For approximately its first 75 years, the Concertgebouw Orchestra had a somewhat complicated roster of conductors. In addition to the chief conductor, the orchestra had conductor positions titled “eerste dirigent” (“first conductor”), who assisted the chief conductor with programming, and “tweede dirigent” (“second conductor”), who did “what he was told.” During Mengelberg’s time as chief conductor, several of these first conductors included Karl Muck (1921–1925), Pierre Monteux (1924–1934), Bruno Walter (1934–1939), and Eugen Jochum (1941–1943). Musicians who served as “second conductor” included the composer Cornelis Dopper, Evert Cornelis and Eduard van Beinum.
In 1945, because of the controversy over his relationship with the Nazi occupying forces during the German occupation of the Netherlands during World War II, Mengelberg was removed as chief conductor and subsequently banned from conducting. The ban was initially imposed for the remainder of his life, but after an appeal, reduced to six years, applied retroactively from 1945. Mengelberg died in 1951 just before the end of his sentence, thus never conducting the orchestra after 1945.

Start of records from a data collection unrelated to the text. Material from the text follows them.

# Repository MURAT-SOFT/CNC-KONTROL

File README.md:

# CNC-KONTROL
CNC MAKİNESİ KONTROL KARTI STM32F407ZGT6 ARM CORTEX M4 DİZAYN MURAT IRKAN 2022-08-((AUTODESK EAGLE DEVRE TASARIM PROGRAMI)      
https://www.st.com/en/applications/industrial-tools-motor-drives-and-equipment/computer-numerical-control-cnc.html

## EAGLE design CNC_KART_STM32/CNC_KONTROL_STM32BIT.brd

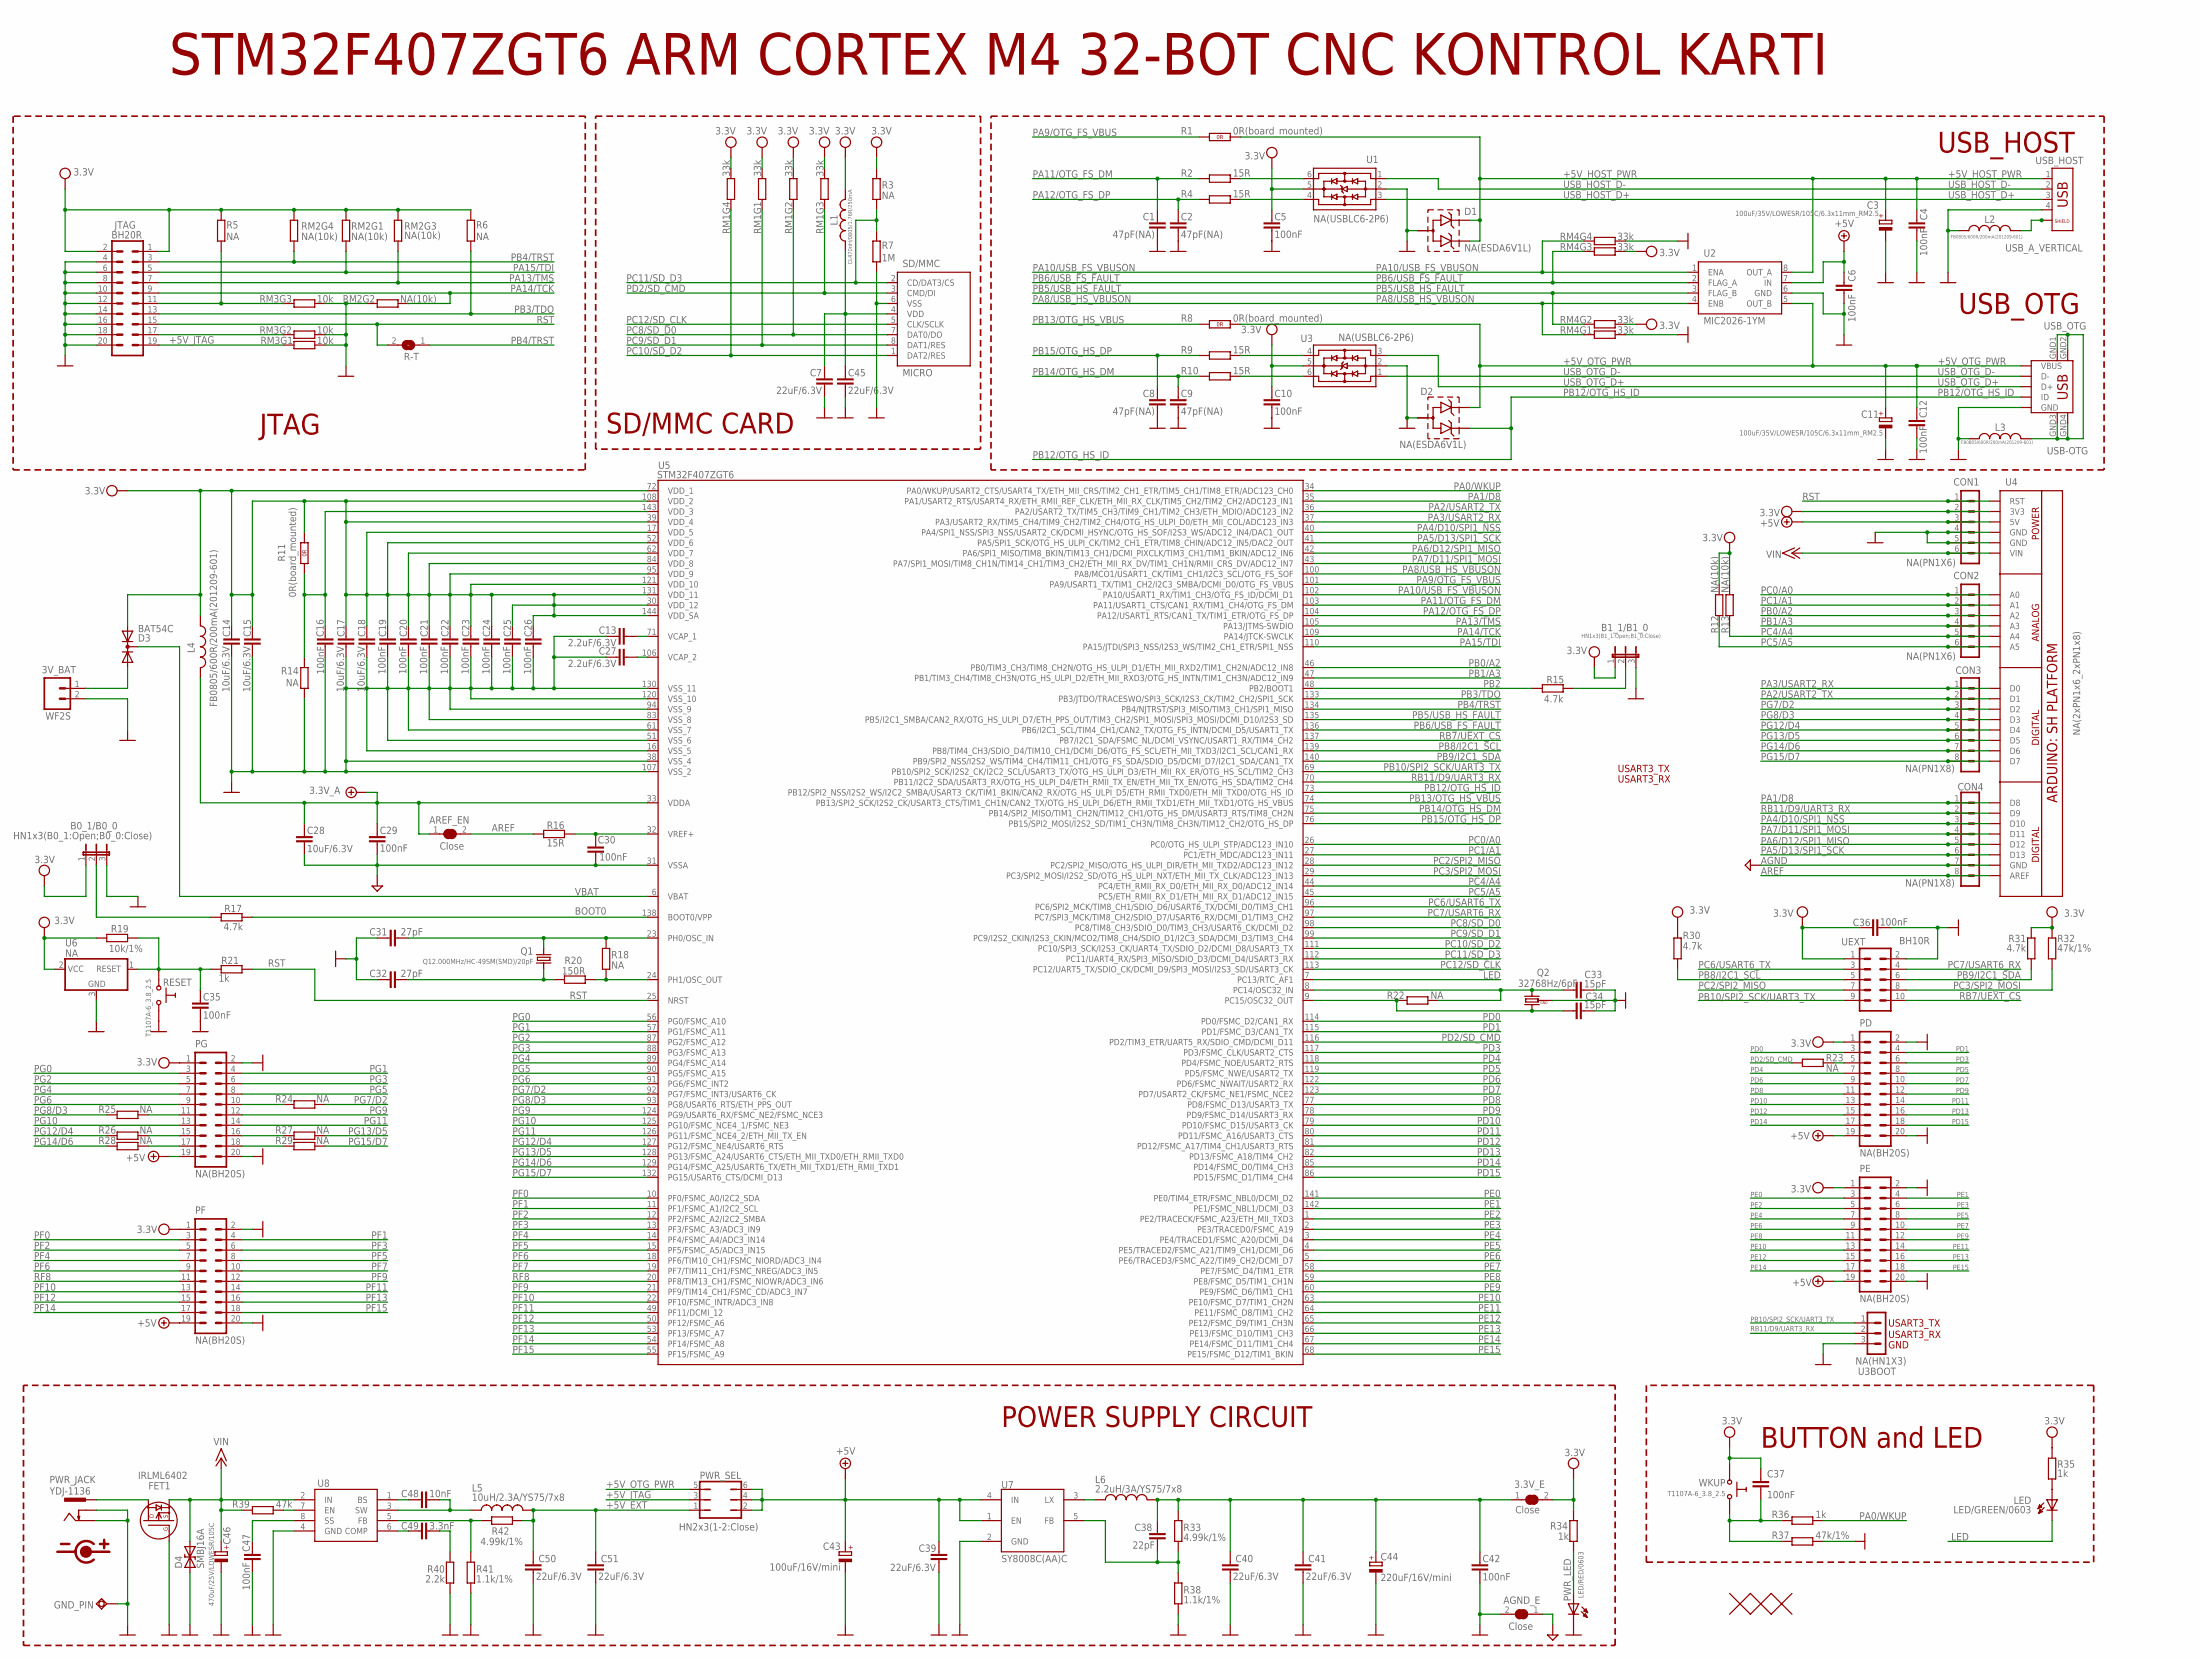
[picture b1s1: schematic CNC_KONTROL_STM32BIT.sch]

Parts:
3.3V_E: Close; SJ_1_SMALLER_CLOSE
3V_BAT: WF2S; CON2.54MM-2-0
AGND_E: Close; SJ_1_SMALLER_CLOSE
AREF_EN: Close; SJ_1_SMALLER_CLOSE
B0_1/B0_0: HN1x3(B0_1:Open;B0_0:Close); JP2
B1_1/B1_0: HN1x3(B1_1:Open;B1_0:Close); JP2
C1, C2, C8, C9: 47pF(NA); C0603_DWS
C3, C11: 100uF/35V/LOWESR/105C/6.3x11mm_RM2.5; E2,5-6,3
C4, C5, C6, C10, C12, C16, C19, C20, C21, C22, C23, C24, C25, C26, C29, C30, C35, C36, C37, C42, C47: 100nF; C0603_DWS
C7, C39, C40, C41, C45, C50, C51: 22uF/6.3V; C0603_DWS
C13, C27: 2.2uF/6.3V; C0603_DWS
C14, C15, C17, C18, C28: 10uF/6.3V; C0603_DWS
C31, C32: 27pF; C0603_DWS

1945–1985: Van Beinum and Haitink
From 1945 to 1959, the orchestra’s principal conductor was Eduard van Beinum, who had debuted with the orchestra in 1929. He had become the second conductor of the orchestra in 1931, and co-principal conductor in 1938. One of his specialties was the symphonies of Anton Bruckner, and Van Beinum made commercial recordings with the orchestra of Bruckner’s Eighth and Ninth Symphonies for the Philips Records. Van Beinum served as sole chief conductor of the orchestra after World War II until his sudden death on the Concertgebouw podium from a fatal heart attack in April 1959.
Bernard Haitink made his debut with the Concertgebouw Orchestra on 7 November 1956. After Van Beinum’s death, from 1961 to 1963, Haitink and Eugen Jochum shared the post of chief conductor of the orchestra. Haitink became sole chief conductor in 1963, and served in this post until 1988. At some point during Haitink’s time, the conductor system was simplified to have an assistant conductor instead of first- and second-conductors. Conductors who served in this capacity included Edo de Waart and Hans Vonk. The recording profile of the orchestra increased most dramatically under Haitink, with many recordings for the Philips Records, as well as EMI and Columbia Records. In the early 1980s, the Dutch government threatened the orchestra with reductions in its government subsidy that could potentially have led to the dismissal of 23 musicians from the orchestra. Haitink threatened to resign in protest, and the financial situation was eventually settled. In 1999, Haitink was named the orchestra’s Conductor Laureate.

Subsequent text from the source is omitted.